RAW DATA: Begin
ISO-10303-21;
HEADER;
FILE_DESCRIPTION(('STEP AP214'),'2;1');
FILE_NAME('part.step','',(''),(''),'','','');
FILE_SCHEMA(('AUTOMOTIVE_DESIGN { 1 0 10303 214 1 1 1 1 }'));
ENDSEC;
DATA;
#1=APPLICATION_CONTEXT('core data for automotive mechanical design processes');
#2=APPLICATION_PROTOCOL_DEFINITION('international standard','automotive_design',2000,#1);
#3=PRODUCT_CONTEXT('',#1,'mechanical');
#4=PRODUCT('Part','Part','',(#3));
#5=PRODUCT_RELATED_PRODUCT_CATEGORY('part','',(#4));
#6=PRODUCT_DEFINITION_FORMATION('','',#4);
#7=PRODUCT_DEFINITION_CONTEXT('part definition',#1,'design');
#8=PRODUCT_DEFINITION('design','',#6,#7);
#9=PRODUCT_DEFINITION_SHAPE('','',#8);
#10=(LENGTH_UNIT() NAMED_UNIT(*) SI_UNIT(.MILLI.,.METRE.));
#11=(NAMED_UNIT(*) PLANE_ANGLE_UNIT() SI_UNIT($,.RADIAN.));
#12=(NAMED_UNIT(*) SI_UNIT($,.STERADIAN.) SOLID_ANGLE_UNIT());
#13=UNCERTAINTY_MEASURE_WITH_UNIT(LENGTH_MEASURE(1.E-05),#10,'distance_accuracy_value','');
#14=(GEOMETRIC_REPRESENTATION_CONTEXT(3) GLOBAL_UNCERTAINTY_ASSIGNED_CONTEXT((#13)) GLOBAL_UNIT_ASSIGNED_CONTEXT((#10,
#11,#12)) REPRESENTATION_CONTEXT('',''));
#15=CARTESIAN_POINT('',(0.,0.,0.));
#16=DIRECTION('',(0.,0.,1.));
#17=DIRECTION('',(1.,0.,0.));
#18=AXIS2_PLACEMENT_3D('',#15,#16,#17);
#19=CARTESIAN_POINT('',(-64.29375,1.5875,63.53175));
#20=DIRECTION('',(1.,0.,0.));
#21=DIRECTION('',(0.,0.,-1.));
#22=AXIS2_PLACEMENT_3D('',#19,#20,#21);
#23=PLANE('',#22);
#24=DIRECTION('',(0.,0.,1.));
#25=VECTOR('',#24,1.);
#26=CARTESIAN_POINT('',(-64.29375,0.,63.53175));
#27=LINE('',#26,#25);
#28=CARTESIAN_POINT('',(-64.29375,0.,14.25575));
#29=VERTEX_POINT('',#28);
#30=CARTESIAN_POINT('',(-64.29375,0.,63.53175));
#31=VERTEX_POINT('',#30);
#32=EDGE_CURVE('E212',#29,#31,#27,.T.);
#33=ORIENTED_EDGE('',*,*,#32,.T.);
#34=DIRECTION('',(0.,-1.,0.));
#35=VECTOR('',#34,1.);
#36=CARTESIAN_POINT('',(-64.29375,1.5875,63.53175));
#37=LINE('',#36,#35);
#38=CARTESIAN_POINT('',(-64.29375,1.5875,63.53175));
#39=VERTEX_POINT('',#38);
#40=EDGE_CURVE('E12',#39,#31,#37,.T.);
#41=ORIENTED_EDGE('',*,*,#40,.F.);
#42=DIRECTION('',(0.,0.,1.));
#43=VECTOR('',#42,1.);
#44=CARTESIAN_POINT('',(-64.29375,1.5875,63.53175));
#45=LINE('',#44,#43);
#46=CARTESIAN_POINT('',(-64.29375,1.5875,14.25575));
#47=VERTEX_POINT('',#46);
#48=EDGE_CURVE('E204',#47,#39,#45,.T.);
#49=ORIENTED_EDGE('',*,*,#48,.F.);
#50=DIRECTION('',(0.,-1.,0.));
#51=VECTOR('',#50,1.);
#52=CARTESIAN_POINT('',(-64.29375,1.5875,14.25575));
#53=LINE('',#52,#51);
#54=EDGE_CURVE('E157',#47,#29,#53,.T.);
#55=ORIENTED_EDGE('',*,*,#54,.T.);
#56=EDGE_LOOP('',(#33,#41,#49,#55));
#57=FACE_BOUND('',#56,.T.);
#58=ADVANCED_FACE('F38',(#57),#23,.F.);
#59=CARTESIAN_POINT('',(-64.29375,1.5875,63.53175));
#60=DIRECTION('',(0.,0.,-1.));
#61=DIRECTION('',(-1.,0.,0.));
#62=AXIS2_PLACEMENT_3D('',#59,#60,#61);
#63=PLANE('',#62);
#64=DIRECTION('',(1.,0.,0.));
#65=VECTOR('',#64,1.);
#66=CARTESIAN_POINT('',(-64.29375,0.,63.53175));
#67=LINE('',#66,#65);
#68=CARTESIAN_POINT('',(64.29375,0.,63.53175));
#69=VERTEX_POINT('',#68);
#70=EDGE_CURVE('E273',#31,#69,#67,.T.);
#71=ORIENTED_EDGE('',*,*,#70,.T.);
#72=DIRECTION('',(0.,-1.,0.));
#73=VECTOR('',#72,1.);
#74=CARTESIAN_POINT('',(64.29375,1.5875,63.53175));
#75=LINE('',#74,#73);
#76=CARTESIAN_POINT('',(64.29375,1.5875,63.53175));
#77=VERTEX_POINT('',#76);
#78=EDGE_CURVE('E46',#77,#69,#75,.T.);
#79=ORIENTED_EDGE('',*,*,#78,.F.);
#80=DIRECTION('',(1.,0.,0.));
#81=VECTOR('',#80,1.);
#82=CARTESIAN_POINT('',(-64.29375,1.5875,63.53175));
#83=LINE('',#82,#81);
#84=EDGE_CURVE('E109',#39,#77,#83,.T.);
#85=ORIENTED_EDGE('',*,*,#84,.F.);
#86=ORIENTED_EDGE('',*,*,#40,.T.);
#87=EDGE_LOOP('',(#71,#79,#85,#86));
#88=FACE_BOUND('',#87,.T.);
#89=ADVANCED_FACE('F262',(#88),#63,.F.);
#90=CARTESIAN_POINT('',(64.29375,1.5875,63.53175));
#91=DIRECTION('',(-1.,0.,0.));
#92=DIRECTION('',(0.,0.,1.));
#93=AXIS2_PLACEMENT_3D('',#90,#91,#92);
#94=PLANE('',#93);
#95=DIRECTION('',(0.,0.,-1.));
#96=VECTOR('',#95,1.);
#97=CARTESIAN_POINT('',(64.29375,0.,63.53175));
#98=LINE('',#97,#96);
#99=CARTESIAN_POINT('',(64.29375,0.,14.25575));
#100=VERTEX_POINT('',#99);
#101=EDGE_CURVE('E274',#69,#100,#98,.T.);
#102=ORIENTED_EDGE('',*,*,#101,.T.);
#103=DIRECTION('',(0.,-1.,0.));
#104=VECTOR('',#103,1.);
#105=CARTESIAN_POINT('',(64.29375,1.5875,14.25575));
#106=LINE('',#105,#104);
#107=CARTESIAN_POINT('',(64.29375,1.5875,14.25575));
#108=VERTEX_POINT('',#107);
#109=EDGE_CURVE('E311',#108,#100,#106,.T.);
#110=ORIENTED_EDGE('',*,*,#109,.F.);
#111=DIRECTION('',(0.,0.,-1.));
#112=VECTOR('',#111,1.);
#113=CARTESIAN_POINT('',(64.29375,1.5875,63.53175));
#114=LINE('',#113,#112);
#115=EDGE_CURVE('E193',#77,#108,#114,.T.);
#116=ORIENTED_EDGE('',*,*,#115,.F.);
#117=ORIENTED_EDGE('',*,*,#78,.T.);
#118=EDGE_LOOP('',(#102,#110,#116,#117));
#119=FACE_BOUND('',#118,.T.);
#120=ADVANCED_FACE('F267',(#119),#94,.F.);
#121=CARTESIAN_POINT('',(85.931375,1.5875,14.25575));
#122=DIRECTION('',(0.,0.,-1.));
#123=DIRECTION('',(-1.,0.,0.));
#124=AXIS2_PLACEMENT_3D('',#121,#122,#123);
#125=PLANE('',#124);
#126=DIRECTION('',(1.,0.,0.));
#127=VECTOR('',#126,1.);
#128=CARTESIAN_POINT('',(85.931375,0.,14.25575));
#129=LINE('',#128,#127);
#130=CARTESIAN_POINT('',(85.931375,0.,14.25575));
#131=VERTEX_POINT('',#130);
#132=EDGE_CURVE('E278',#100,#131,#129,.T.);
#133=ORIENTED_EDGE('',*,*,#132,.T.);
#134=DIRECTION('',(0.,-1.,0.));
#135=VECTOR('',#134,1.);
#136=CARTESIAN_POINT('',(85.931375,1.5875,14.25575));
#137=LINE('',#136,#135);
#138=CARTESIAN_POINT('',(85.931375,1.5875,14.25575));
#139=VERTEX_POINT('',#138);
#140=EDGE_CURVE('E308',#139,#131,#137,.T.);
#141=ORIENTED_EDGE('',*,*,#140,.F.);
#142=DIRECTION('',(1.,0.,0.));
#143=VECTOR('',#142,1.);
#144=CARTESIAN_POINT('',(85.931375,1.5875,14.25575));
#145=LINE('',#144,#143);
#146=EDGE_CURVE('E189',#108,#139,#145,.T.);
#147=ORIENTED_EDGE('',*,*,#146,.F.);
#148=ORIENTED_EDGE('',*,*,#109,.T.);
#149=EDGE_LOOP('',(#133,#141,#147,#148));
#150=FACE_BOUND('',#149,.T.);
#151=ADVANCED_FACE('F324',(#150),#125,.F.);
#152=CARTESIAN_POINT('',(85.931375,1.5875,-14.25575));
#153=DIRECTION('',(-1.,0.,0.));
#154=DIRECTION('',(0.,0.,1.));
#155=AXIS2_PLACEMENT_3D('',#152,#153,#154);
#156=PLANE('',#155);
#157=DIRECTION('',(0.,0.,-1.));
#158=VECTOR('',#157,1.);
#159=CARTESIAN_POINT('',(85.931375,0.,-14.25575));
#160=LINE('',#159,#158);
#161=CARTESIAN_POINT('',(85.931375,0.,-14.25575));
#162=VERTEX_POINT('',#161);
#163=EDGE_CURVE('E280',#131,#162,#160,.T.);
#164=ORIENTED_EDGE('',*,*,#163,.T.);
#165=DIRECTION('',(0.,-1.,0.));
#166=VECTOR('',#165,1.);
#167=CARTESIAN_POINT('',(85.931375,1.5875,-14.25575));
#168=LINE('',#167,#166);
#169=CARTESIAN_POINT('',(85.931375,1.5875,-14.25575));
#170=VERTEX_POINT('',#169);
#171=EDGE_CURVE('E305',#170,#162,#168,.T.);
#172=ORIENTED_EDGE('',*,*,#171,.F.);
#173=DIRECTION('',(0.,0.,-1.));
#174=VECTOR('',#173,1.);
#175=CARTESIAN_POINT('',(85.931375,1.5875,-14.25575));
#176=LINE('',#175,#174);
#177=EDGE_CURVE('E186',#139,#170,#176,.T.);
RAW DATA: End
* **INSTRUCTIONS TO FOLLOW**: The response should hold exactly the lines starting at the line with "#6=PRODUCT_DEFINITION_FORMATION('','',#4);" and ending at the line with "#49=ORIENTED_EDGE('',*,*,#48,.F.);", and no other line of the material above.

* **EXPECTED ANSWER**:
#6=PRODUCT_DEFINITION_FORMATION('','',#4);
#7=PRODUCT_DEFINITION_CONTEXT('part definition',#1,'design');
#8=PRODUCT_DEFINITION('design','',#6,#7);
#9=PRODUCT_DEFINITION_SHAPE('','',#8);
#10=(LENGTH_UNIT() NAMED_UNIT(*) SI_UNIT(.MILLI.,.METRE.));
#11=(NAMED_UNIT(*) PLANE_ANGLE_UNIT() SI_UNIT($,.RADIAN.));
#12=(NAMED_UNIT(*) SI_UNIT($,.STERADIAN.) SOLID_ANGLE_UNIT());
#13=UNCERTAINTY_MEASURE_WITH_UNIT(LENGTH_MEASURE(1.E-05),#10,'distance_accuracy_value','');
#14=(GEOMETRIC_REPRESENTATION_CONTEXT(3) GLOBAL_UNCERTAINTY_ASSIGNED_CONTEXT((#13)) GLOBAL_UNIT_ASSIGNED_CONTEXT((#10,
#11,#12)) REPRESENTATION_CONTEXT('',''));
#15=CARTESIAN_POINT('',(0.,0.,0.));
#16=DIRECTION('',(0.,0.,1.));
#17=DIRECTION('',(1.,0.,0.));
#18=AXIS2_PLACEMENT_3D('',#15,#16,#17);
#19=CARTESIAN_POINT('',(-64.29375,1.5875,63.53175));
#20=DIRECTION('',(1.,0.,0.));
#21=DIRECTION('',(0.,0.,-1.));
#22=AXIS2_PLACEMENT_3D('',#19,#20,#21);
#23=PLANE('',#22);
#24=DIRECTION('',(0.,0.,1.));
#25=VECTOR('',#24,1.);
#26=CARTESIAN_POINT('',(-64.29375,0.,63.53175));
#27=LINE('',#26,#25);
#28=CARTESIAN_POINT('',(-64.29375,0.,14.25575));
#29=VERTEX_POINT('',#28);
#30=CARTESIAN_POINT('',(-64.29375,0.,63.53175));
#31=VERTEX_POINT('',#30);
#32=EDGE_CURVE('E212',#29,#31,#27,.T.);
#33=ORIENTED_EDGE('',*,*,#32,.T.);
#34=DIRECTION('',(0.,-1.,0.));
#35=VECTOR('',#34,1.);
#36=CARTESIAN_POINT('',(-64.29375,1.5875,63.53175));
#37=LINE('',#36,#35);
#38=CARTESIAN_POINT('',(-64.29375,1.5875,63.53175));
#39=VERTEX_POINT('',#38);
#40=EDGE_CURVE('E12',#39,#31,#37,.T.);
#41=ORIENTED_EDGE('',*,*,#40,.F.);
#42=DIRECTION('',(0.,0.,1.));
#43=VECTOR('',#42,1.);
#44=CARTESIAN_POINT('',(-64.29375,1.5875,63.53175));
#45=LINE('',#44,#43);
#46=CARTESIAN_POINT('',(-64.29375,1.5875,14.25575));
#47=VERTEX_POINT('',#46);
#48=EDGE_CURVE('E204',#47,#39,#45,.T.);
#49=ORIENTED_EDGE('',*,*,#48,.F.);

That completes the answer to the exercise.